The aerosol radiative FE is commonly used to quantify the radiative forcing potential of a given type of composite aerosol (Pathak et al., 2010). The diurnal mean FEs over the PRD and other regions are summarized in Table 2. The average FEs in this study were -60.0 7.8 W m-2 per AOD at the surface, -12.8 3.1 W m-2 per AOD at the TOA, and 47.3 8.3 W m-2 per AOD within the atmosphere. The magnitudes of these values are significantly higher than those reported in Taihu and over China as a whole. This is mainly due to the influence of strongly absorbing particles (e.g., carbonaceous aerosols), which reduce the net radiation at the surface and outgoing radiation at the TOA. As a result, atmospheric absorption increases. The magnitudes of the FEs are similar to those reported in Beijing, Xianghe, Yinchuan, East Asia, and at the Kaashidhoo Climate Observatory in the Maldives, but less than the values reported in South Asia and the Shandong Peninsula in China, where anthropogenic aerosols, BC, and organic carbon aerosols dominate (Wang et al., 2007; Xin et al., 2014).
(1) In the dry season (October to February), the average values of the AE (440-870 nm), SSA and AOD of aerosols in the PRD region were 1.33, 0.87 and 0.54, respectively. The occurrence of high AOD values indicates that heavy aerosol loading prevails in the dry season. Low AOD values most likely arise from the wet scavenging of aerosols after precipitation.
(2) Aerosols in the PRD region during the study period consisted primarily of fine-mode, strongly absorbing particles. Up to 90% of aerosols were dominated by fine-mode, strongly absorbing particles, with mean AE=1.35, ω=0.14, and AOD=0.52. The proportion of fine-mode, weakly absorbing particles was about 9.52%, with AE=1.30, ω=0.04, and AOD=0.65. Due to the minimal presence of dust in the PRD region, the aerosol coarse mode was negligible. The aerosol volume size distribution for each month was bimodal, with the fine mode dominating. The fine mode showed a peak at a radius of 0.12 μm in all months. Peak volumes were higher in February (0.11 μm3 μm-2) and in October (0.10 μm3 μm-2) than in the other months. The mean peak volume of the coarse mode was 0.43 times that of the peak volume in the fine mode.
(3) Heavy aerosol loading in the PRD region during the study period resulted in significant warming of the atmosphere and cooling at the surface.
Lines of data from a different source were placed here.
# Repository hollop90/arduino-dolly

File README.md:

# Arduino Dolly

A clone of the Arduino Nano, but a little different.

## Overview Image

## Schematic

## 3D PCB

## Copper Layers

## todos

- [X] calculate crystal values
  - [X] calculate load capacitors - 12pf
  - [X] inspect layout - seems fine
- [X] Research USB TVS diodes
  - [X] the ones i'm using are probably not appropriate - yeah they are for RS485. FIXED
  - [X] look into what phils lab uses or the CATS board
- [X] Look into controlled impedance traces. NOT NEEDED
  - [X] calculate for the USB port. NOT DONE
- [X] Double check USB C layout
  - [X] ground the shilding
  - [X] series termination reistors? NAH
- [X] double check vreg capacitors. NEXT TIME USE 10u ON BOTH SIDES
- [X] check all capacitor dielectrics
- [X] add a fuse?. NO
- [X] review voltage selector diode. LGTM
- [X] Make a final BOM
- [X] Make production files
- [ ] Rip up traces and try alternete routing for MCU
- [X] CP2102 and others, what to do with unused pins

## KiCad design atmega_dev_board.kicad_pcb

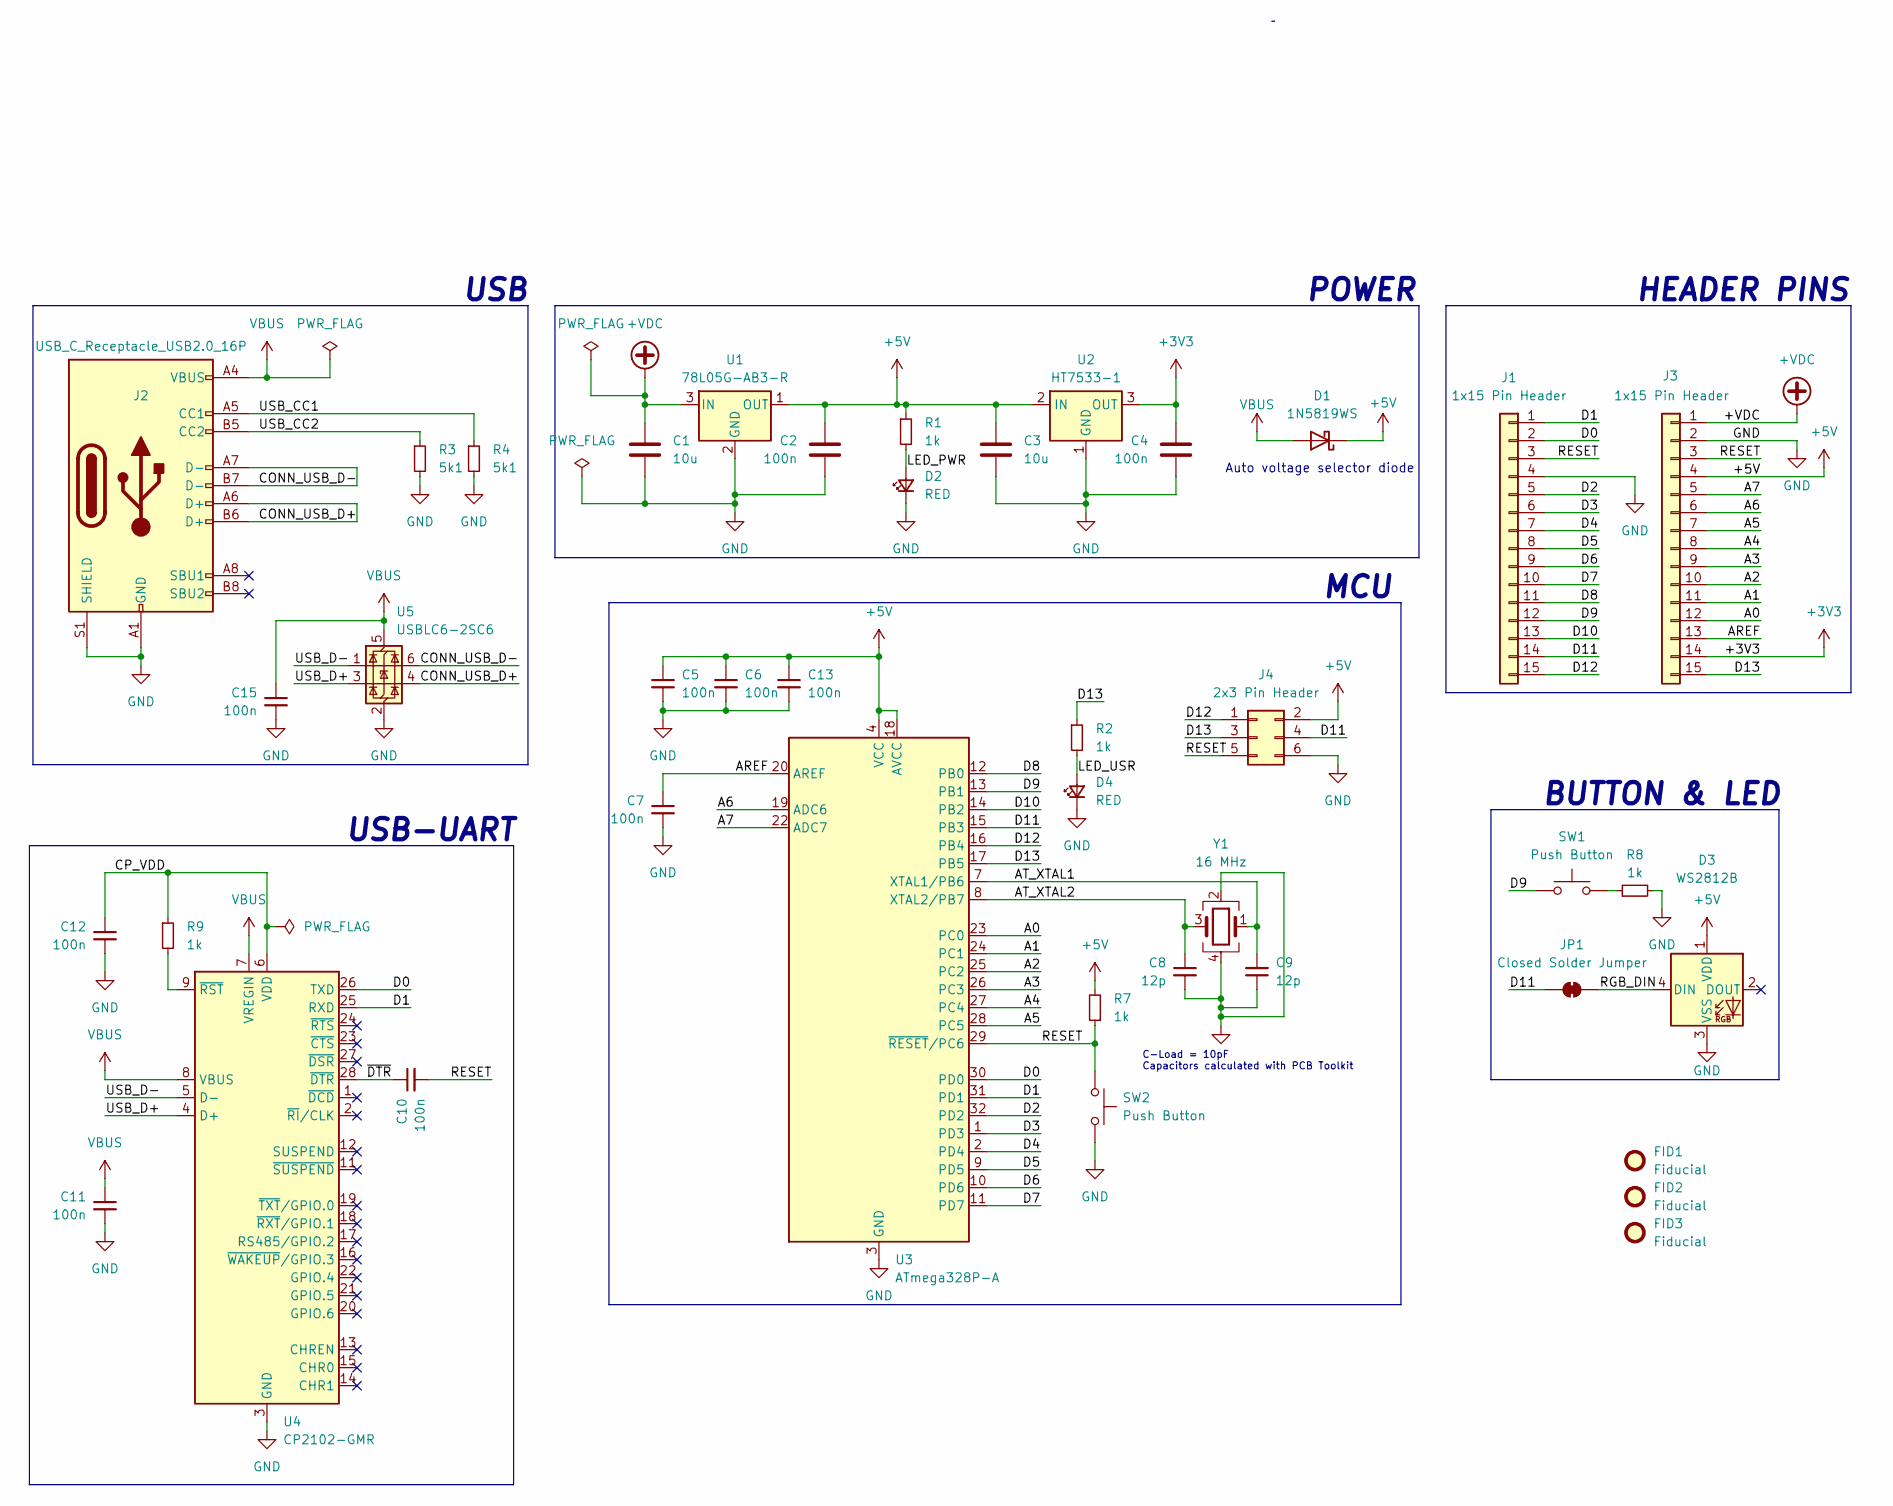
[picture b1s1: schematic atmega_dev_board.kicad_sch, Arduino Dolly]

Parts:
C1, C3: 10u; C_0603_1608Metric; Manufacturer Part# CL10A106KP8NNNC; JLCPCB Part # C19702
C2, C4, C5, C6, C7, C10, C11, C12, C13, C15: 100n; C_0603_1608Metric; Manufacturer Part# CC0603KRX7R9BB104; JLCPCB Part # C14663
C8, C9: 12p; C_0603_1608Metric; Manufacturer Part# CL10C120JB8NNNC; JLCPCB Part # C38523
D1: 1N5819WS; D_SOD-323; Manufacturer Part# 1N5819WS; JLCPCB Part # C191023
D2, D4: RED; LED_0603_1608Metric; Manufacturer Part# KT-0603R; JLCPCB Part # C2286
D3: WS2812B; LED_WS2812B_PLCC4_5.0x5.0mm_P3.2mm; Manufacturer Part# XL-5050RGBC-WS2812B; JLCPCB Part # C2843785
FID1, FID2, FID3: Fiducial; Fiducial_0.5mm_Mask1mm
J1, J3: 1x15 Pin Header; PinHeader_1x15_P2.54mm_Vertical
J2: USB_C_Receptacle_USB2.0_16P; USB_C_Receptacle_GCT_USB4105-xx-A_16P_TopMnt_Horizontal; Manufacturer Part# XUBF-0336-0817B; JLCPCB Part # C7527694
J4: 2x3 Pin Header; PinHeader_2x03_P2.54mm_Vertical
JP1: Closed Solder Jumper; SolderJumper-2_P1.3mm_Bridged_RoundedPad1.0x1.5mm
R1, R2, R7, R8, R9: 1k; R_0603_1608Metric; Manufacturer Part# 0603WAF1001T5E; JLCPCB Part # C21190
R3, R4: 5k1; R_0603_1608Metric; Manufacturer Part# 0603WAF5101T5E; JLCPCB Part # C23186
SW1, SW2: Push Button; SW_SPST_TL3342; Manufacturer Part# TS-1187A-B-A-B; JLCPCB Part # C318884
U1: 78L05G-AB3-R; SOT-89-3; Manufacturer Part# 78L05G-AB3-R; JLCPCB Part # C71136
U2: HT7533-1; SOT-89-3; Manufacturer Part# HT7533-1; JLCPCB Part # C14289
U3: ATmega328P-A; TQFP-32_7x7mm_P0.8mm; Manufacturer Part# ATMEGA328P-AU; JLCPCB Part # C14877
U4: CP2102-GMR; QFN-28-1EP_5x5mm_P0.5mm_EP3.35x3.35mm; Manufacturer Part# CP2102-GMR; JLCPCB Part # C6568
U5: USBLC6-2SC6; SOT-23-6
Y1: 16 MHz; Crystal_SMD_3225-4Pin_3.2x2.5mm; Manufacturer Part# X322516MLB4SI; JLCPCB Part # C13738

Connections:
+3V3: C4.1, J3.14, U2.3 (OUT)
+5V: C2.1, C3.1, C5.1, C6.1, C13.1, D1.1 (K), D3.1 (VDD), J3.4, J4.2, R1.1, R7.2, U1.1 (OUT), U2.2 (IN), U3.4 (VCC), U3.6 (VCC), U3.18 (AVCC)
+VDC: C1.1, J3.1, U1.3 (IN)
/A0: J3.12, U3.23 (PC0)
/A1: J3.11, U3.24 (PC1)
/A2: J3.10, U3.25 (PC2)
/A3: J3.9, U3.26 (PC3)
/A4: J3.8, U3.27 (PC4)
/A5: J3.7, U3.28 (PC5)
/A6: J3.6, U3.19 (ADC6)
/A7: J3.5, U3.22 (ADC7)
/AREF: C7.1, J3.13, U3.20 (AREF)
/AT_XTAL1: C9.2, U3.7 (XTAL1/PB6), Y1.1
/AT_XTAL2: C8.1, U3.8 (XTAL2/PB7), Y1.3
/CONN_USB_D+: J2.A6 (D+), J2.B6 (D+), U5.4 (I/O2)
/CONN_USB_D-: J2.A7 (D-), J2.B7 (D-), U5.6 (I/O1)
/CP_VDD: C12.1, R9.1, U4.6 (VDD)
/D0: J1.2, U3.30 (PD0), U4.26 (TXD)
/D1: J1.1, U3.31 (PD1), U4.25 (RXD)
/D2: J1.5, U3.32 (PD2)
/D3: J1.6, U3.1 (PD3)
/D4: J1.7, U3.2 (PD4)
/D5: J1.8, U3.9 (PD5)
/D6: J1.9, U3.10 (PD6)
/D7: J1.10, U3.11 (PD7)
/D8: J1.11, U3.12 (PB0)
/D9: J1.12, SW1.1, U3.13 (PB1)
/D10: J1.13, U3.14 (PB2)
/D11: J1.14, J4.4, JP1.1 (A), U3.15 (PB3)
/D12: J1.15, J4.1, U3.16 (PB4)
/D13: J3.15, J4.3, R2.1, U3.17 (PB5)
/LED_PWR: D2.2 (A), R1.2
/LED_USR: D4.2 (A), R2.2
/RESET: C10.2, J1.3, J3.3, J4.5, R7.1, SW2.1, U3.29 (~RESET/PC6)
/RGB_DIN: D3.4 (DIN), JP1.2 (B)
/USB_CC1: J2.A5 (CC1), R4.1
/USB_CC2: J2.B5 (CC2), R3.1
/USB_D+: U4.4 (D+), U5.3 (I/O2)
/USB_D-: U4.5 (D-), U5.1 (I/O1)
/~DTR: C10.1, U4.28 (~DTR)
GND: C1.2, C2.2, C3.2, C4.2, C5.2, C6.2, C7.2, C8.2, C9.1, C11.2, C12.2, C13.2, C15.2, D2.1 (K), D3.3 (VSS), D4.1 (K), J1.4, J2.A1 (GND), J2.A12 (GND), J2.B1 (GND), J2.B12 (GND), J2.S1 (SHIELD), J3.2, J4.6, R3.2, R4.2, R8.2, SW2.2, U1.2 (GND), U2.1 (GND), U3.3 (GND), U3.5 (GND), U3.21 (GND), U4.3 (GND), U4.29 (GND), U5.2 (GND), Y1.2, Y1.4
unnamed: R8.1, SW1.2
unnamed: R9.2, U4.9 (~RST)
VBUS: C11.1, C15.1, D1.2 (A), J2.A4 (VBUS), J2.A9 (VBUS), J2.B4 (VBUS), J2.B9 (VBUS), U4.7 (VREGIN), U4.8 (VBUS), U5.5 (VBUS)

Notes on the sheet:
Auto voltage selector diode
MCU
POWER
HEADER PINS
C-Load = 10pF Capacitors calculated with PCB Toolkit
USB
BUTTON & LED
USB-UART

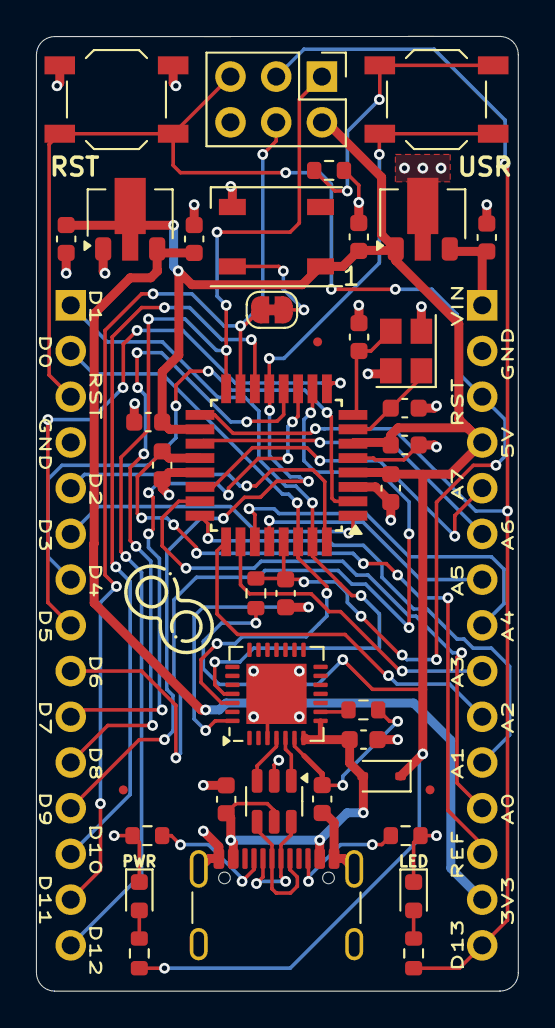
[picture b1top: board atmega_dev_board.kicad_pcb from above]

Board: 4 copper layers, 26.8 x 53.0 mm, 41 parts (0 on the bottom side), 44 nets.

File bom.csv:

"Reference","Value","Datasheet","Footprint","Qty","DNP","Description","JLCPCB Part #"
"J2","USB_C_Receptacle_USB2.0_16P","https://wmsc.lcsc.com/wmsc/upload/file/pdf/v2/lcsc/230918181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","Connector_USB:USB_C_Receptacle_GCT_USB4105-xx-A_16P_TopMnt_Horizontal","1","","USB 2.0-only 16P Type-C Receptacle connector","C7527694"
"D3","WS2812B","https://wmsc.lcsc.com/wmsc/upload/file/pdf/v2/lcsc/240412094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","LED_SMD:LED_WS2812B_PLCC4_5.0x5.0mm_P3.2mm","1","","RGB LED with integrated controller","C2843785"
"SW1,SW2","Push Button","https://wmsc.lcsc.com/wmsc/upload/file/pdf/v2/lcsc/230414003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","Button_Switch_SMD:SW_SPST_TL3342","2","","Push button switch, generic, two pins","C318884"
"D1","1N5819WS","https://wmsc.lcsc.com/wmsc/upload/file/pdf/v2/lcsc/220428143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","Diode_SMD:D_SOD-323","1","","Schottky diode","C191023"
"U1","78L05G-AB3-R","https://wmsc.lcsc.com/wmsc/upload/file/pdf/v2/lcsc/230414003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","Package_TO_SOT_SMD:SOT-89-3","1","","Positive 100mA 30V Linear Regulator, Fixed Output 5V, SOT-89","C71136"
"C8,C9","12p","https://wmsc.lcsc.com/wmsc/upload/file/pdf/v2/lcsc/230414003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","Capacitor_SMD:C_0603_1608Metric","2","","Unpolarized capacitor, small symbol","C38523"
"R3,R4","5k1","https://wmsc.lcsc.com/wmsc/upload/file/pdf/v2/lcsc/220601011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","Resistor_SMD:R_0603_1608Metric","2","","Resistor, small symbol","C23186"
"R1,R2,R7,R8,R9","1k","https://wmsc.lcsc.com/wmsc/upload/file/pdf/v2/lcsc/220601013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","Resistor_SMD:R_0603_1608Metric","5","","Resistor, small symbol","C21190"
"C1,C3","10u","https://wmsc.lcsc.com/wmsc/upload/file/pdf/v2/lcsc/230414003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","Capacitor_SMD:C_0603_1608Metric","2","","Unpolarized capacitor","C19702"
"U3","ATmega328P-A","http://ww1.microchip.com/downloads/en/DeviceDoc/ATmega328_P%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","Package_QFP:TQFP-32_7x7mm_P0.8mm","1","","20MHz, 32kB Flash, 2kB SRAM, 1kB EEPROM, TQFP-32","C14877"
"C2,C4,C5,C6,C7,C10,C11,C12,C13,C15","100n","https://wmsc.lcsc.com/wmsc/upload/file/pdf/v2/lcsc/221110170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","Capacitor_SMD:C_0603_1608Metric","10","","-- mixed values --","C14663"
"U2","HT7533-1","https://wmsc.lcsc.com/wmsc/upload/file/pdf/v2/lcsc/231219111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","Package_TO_SOT_SMD:SOT-89-3","1","","Positive 100mA 30V Linear Regulator, Fixed Output 3.3V, SOT-89","C14289"
"Y1","16 MHz","https://wmsc.lcsc.com/wmsc/upload/file/pdf/v2/lcsc/240329150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","Crystal:Crystal_SMD_3225-4Pin_3.2x2.5mm","1","","Four pin crystal, GND on pins 2 and 4","C13738"
"U4","CP2102-GMR","https://wmsc.lcsc.com/wmsc/upload/file/pdf/v2/lcsc/181108192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","Package_DFN_QFN:QFN-28-1EP_5x5mm_P0.5mm_EP3.35x3.35mm","1","","USB to UART master bridge, QFN-28","C6568"
"D2,D4","RED","https://wmsc.lcsc.com/wmsc/upload/file/pdf/v2/lcsc/181023111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","LED_SMD:LED_0603_1608Metric","2","","Light emitting diode, small symbol","C2286"
"U5","USBLC6-2SC6","https://www.st.com/resource/en/datasheet/usblc6-2.pdf","Package_TO_SOT_SMD:SOT-23-6","1","","Very low capacitance ESD protection diode, 2 data-line, SOT-23-6",""
"J4","2x3 Pin Header","~","Connector_PinHeader_2.54mm:PinHeader_2x03_P2.54mm_Vertical","1","","Generic connector, double row, 02x03, counter clockwise pin numbering scheme (similar to DIP package numbering), script generated (kicad-library-utils/schlib/autogen/connector/)",""
"J1,J3","1x15 Pin Header","~","Connector_PinHeader_2.54mm:PinHeader_1x15_P2.54mm_Vertical","2","","Generic connector, single row, 01x15, script generated (kicad-library-utils/schlib/autogen/connector/)",""

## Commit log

2024-05-26 init commit
2024-05-26 Replace op-amps with a diode
2024-05-26 Replace voltage regulators with 78XXs
2024-05-27 Move to USB C and CP2102
2024-05-28 Adjust pin header and board size to match 0m1" pitch
2024-05-28 New placements of PCB
2024-05-28 Tidy up schema and route all but GPIO traces
2024-05-29 Update PCB meta data. More GPIO routing
2024-06-02 Finish routing, update design rules
2024-06-02 Add README and image
2024-06-02 Update revision number and date
2024-06-03 Update loading cap values (from 22p to 12p)
2024-06-03 Swap out TVS diodes. Ground USB shield
2024-06-03 Update BOM and component values
2024-06-04 lots
    Sch: Add feducials
    PCB: Add pin labels to silkscreen
2024-06-04 Add pull up R to RESET. Add current limiting R to USR button
2024-06-05 Finishing touches
    ## PCB
    * Tighten zone clearance from 0.5 to 0.2
    * Add silkscreen (names and logos)
    * Reposition LEDs
    * Round corners
    * Remove unecessaary components
2024-06-05 Fix via sizing and other small changes
    * Update part numbers
    * Update BOM
    * Slight fixes to schematic
2024-06-09 Update BOM
2024-06-09 Add more images to readme
2024-06-09 Added todo list
2024-06-25 fix: Fix UART mis-match. Fix VREG footprint
2024-09-23 fix: Update schematic svg to reflect project changes

The average shortwave direct radiative forcing at the surface, inside the atmosphere, and at the TOA was -33.4 7.0, 26.1 5.6 and -7.3 2.7 W m-2, respectively. The magnitudes of mean F SFC and F ATM were about two times greater than that reported over the whole of China, but similar to those reported in the Yangtze Delta region and in northern China. The corresponding average aerosol direct shortwave radiative forcing efficiencies were -60.0 7.8, 47.3 8.3 and -12.8 3.1 W m-2 per AOD, respectively, mainly due to the influence of strongly absorbing particles (e.g., carbonaceous aerosols), which reduce the net radiation at the surface and outgoing radiation at the TOA.
(4) The aerosol direct radiative forcing within the atmosphere was reduced significantly during the study period (p<0.01). Moreover, the SSA increased from 0.87 in 2006 to 0.91 in 2012, and the fine-mode aerosol concentration such as PM2.5 decreased from 69.5 μg m-3 in 2006 to 45.0 μg m-3 in 2012. These results suggest a decreasing trend of absorbing particles being released into the atmosphere.
(5) Given that aerosol radiative properties and forcing have not been as thoroughly examined in the PRD region compared to the rest of China, these results can help constrain uncertainties in estimating regional anthropogenic aerosol radiative forcing. In future work, more attention will be paid to the source and distribution of aerosols using satellite-based aerosol measurements along with a priori knowledge of the optical properties of likely aerosol types. The results of this study can be used to improve inversion algorithms for satellite aerosol retrievals over the PRD region, such as those from MODIS and the Multi-angle Imaging Spectroradiometer. In addition, the strong aerosol radiative forcing mainly caused by absorbing particles reported here can provide better constraints for assessing aerosol climate effects in climate models.